Check out all that information! This is so freaking geeky. Just on the top half of the screen, it has the following details about the current track:
- artist
- album
- track number
- total number of tracks on album
- track name
- genre
- time remaining in track
- total time of track
- track number in playlist
- total number of tracks in playlist
- format
- bitrate
Then, below that, it has information about the next song which is already queued in the buffer. Additionally, it has basic info about current settings on the device. So add these items to the list:
- artist of next track
- track name of next track
- track number of next track
- total number of tracks on next track’s album
- volume displayed numerically (so you know how loud it is without testing)
- mode (“shuffle”)
- battery life remaining in hours and minutes
Now, let’s compare this with the iPod-esque skin for Rockbox, which a user could of course pick if that suits him better.
Ton of wasted space, huh? This is all the information the user is greeted with:
- track name
- artist
- album
- track number in playlist
- total number of tracks in playlist
- time elapsed
- time remaining
- volume displayed numerically (again, so the user knows how loud it is without having to test)
Now, I know that such information overload isn’t necessarily for everyone, but it is for me. And I believe that the user should always opt for the choice between both options.
To this end, I should make it very clear that Rockbox does also run on most iPods, though not the very newest ones.

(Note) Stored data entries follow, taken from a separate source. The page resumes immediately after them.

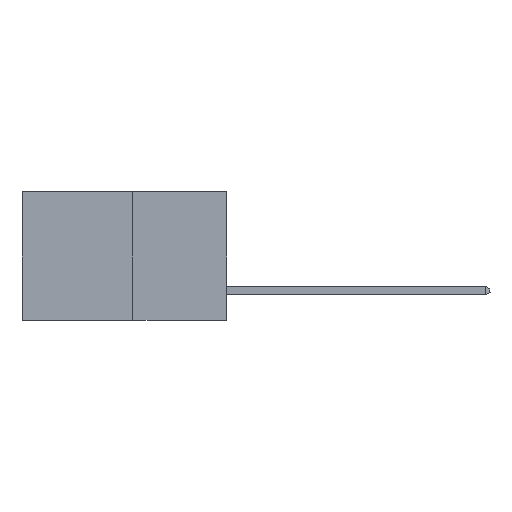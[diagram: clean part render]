
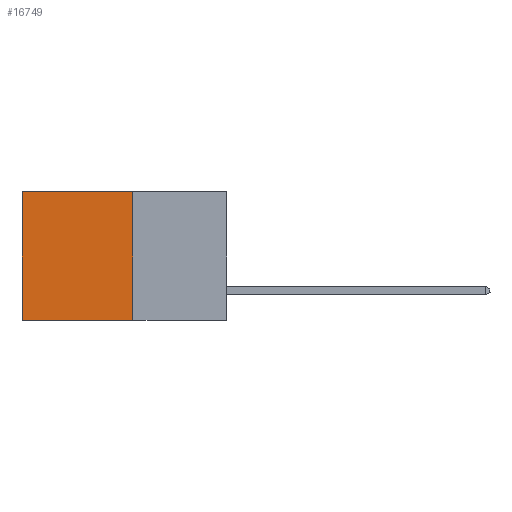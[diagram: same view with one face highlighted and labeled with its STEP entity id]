
A CAD part, left-side view. The second image highlights one B-rep face of the part: STEP entity #16749.
In plain terms, the highlighted planar face has unit normal (-1, 0, 0).
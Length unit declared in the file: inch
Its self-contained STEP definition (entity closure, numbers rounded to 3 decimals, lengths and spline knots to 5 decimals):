
#1931 = CARTESIAN_POINT ( 'NONE',  ( 0.277, 0.59, -0.37 ) ) ;
#2885 = ORIENTED_EDGE ( 'NONE', *, *, #27659, .T. ) ;
#3237 = ORIENTED_EDGE ( 'NONE', *, *, #17054, .F. ) ;
#3484 = DIRECTION ( 'NONE',  ( 0., 0., -1. ) ) ;
#4115 = VECTOR ( 'NONE', #18968, 39.37008 ) ;
#4819 = LINE ( 'NONE', #25576, #4115 ) ;
#6867 = VERTEX_POINT ( 'NONE', #9693 ) ;
#6898 = DIRECTION ( 'NONE',  ( 0., 1., 0. ) ) ;
#9693 = CARTESIAN_POINT ( 'NONE',  ( 0.277, 0.27, 0. ) ) ;
#10151 = VERTEX_POINT ( 'NONE', #18557 ) ;
#12090 = CARTESIAN_POINT ( 'NONE',  ( 0.277, 0.27, -0.37 ) ) ;
#12112 = LINE ( 'NONE', #1931, #24670 ) ;
#12286 = VERTEX_POINT ( 'NONE', #23724 ) ;
#12595 = FACE_OUTER_BOUND ( 'NONE', #24828, .T. ) ;
#13425 = PLANE ( 'NONE',  #22128 ) ;
#15706 = DIRECTION ( 'NONE',  ( 0., 0., -1. ) ) ;
#16749 = ADVANCED_FACE ( 'NONE', ( #12595 ), #13425, .F. ) ;
#17049 = CARTESIAN_POINT ( 'NONE',  ( 0.277, 0.59, 0. ) ) ;
#17054 = EDGE_CURVE ( 'NONE', #10151, #12286, #4819, .T. ) ;
#17903 = CARTESIAN_POINT ( 'NONE',  ( 0.277, 0.27, -0.37 ) ) ;
#18115 = ORIENTED_EDGE ( 'NONE', *, *, #22220, .F. ) ;
#18135 = CARTESIAN_POINT ( 'NONE',  ( 0.277, 0.27, 0. ) ) ;
#18557 = CARTESIAN_POINT ( 'NONE',  ( 0.277, 0.27, -0.37 ) ) ;
#18968 = DIRECTION ( 'NONE',  ( 0., 1., 0. ) ) ;
#19620 = VERTEX_POINT ( 'NONE', #17049 ) ;
#20036 = DIRECTION ( 'NONE',  ( 0., 0., -1. ) ) ;
#21116 = LINE ( 'NONE', #18135, #26929 ) ;
#22128 = AXIS2_PLACEMENT_3D ( 'NONE', #17903, #28925, #15706 ) ;
#22220 = EDGE_CURVE ( 'NONE', #6867, #10151, #23115, .T. ) ;
#22575 = ORIENTED_EDGE ( 'NONE', *, *, #24931, .T. ) ;
#23115 = LINE ( 'NONE', #12090, #27540 ) ;
#23724 = CARTESIAN_POINT ( 'NONE',  ( 0.277, 0.59, -0.37 ) ) ;
#24670 = VECTOR ( 'NONE', #20036, 39.37008 ) ;
#24828 = EDGE_LOOP ( 'NONE', ( #22575, #3237, #18115, #2885 ) ) ;
#24931 = EDGE_CURVE ( 'NONE', #19620, #12286, #12112, .T. ) ;
#25576 = CARTESIAN_POINT ( 'NONE',  ( 0.277, 0.27, -0.37 ) ) ;
#26929 = VECTOR ( 'NONE', #6898, 39.37008 ) ;
#27540 = VECTOR ( 'NONE', #3484, 39.37008 ) ;
#27659 = EDGE_CURVE ( 'NONE', #6867, #19620, #21116, .T. ) ;
#28925 = DIRECTION ( 'NONE',  ( 1., 0., 0. ) ) ;

Rockbox is an open source firmware for mp3 players, written from scratch. It runs on a wide range of players:
- Apple: 1st through 5.5th generation iPod, iPod Mini and 1st generation iPod Nano
(not the Shuffle, 2nd/3rd gen Nano, Classic or Touch)


I’ve had my iRiver H320 for 3 or 4 years now and it’s just as fabulous as you say. It’s been through so much, the extra size is more than worth it for the durability. have you ever seen one of these things opened up? there’s like quarter inch slab of foam surrounding all the guts. you could even take it out and add another drive if you wanted to (someone on misticriver.net did it once but the site isn’t loading atm).
I think yours is the model before mine, but on mine you can even watch video with the korean firmware, ^_^. (plus radio, recording from mic/input/radio, etc etc all before the ipod color came out)
lol@apple whores
My sole complaint is that mine is so old, the processor allegedly isn’t fast enough to run a clock while also playing music. This sucks because it means I can’t install Last.fm software and have my portatunes scrobbd. =(
If you have the slightly newer model, you should be able to scrobble. Look into it.
Also, must be space foam, because no foam would protect a drive from the shit I’ve seen this thing undergo. I once hurled it into the maw of a dragon. I once rode it out of an airplane while falling to earth.
I sometimes even tease it and call it fat to make sure it stays hard.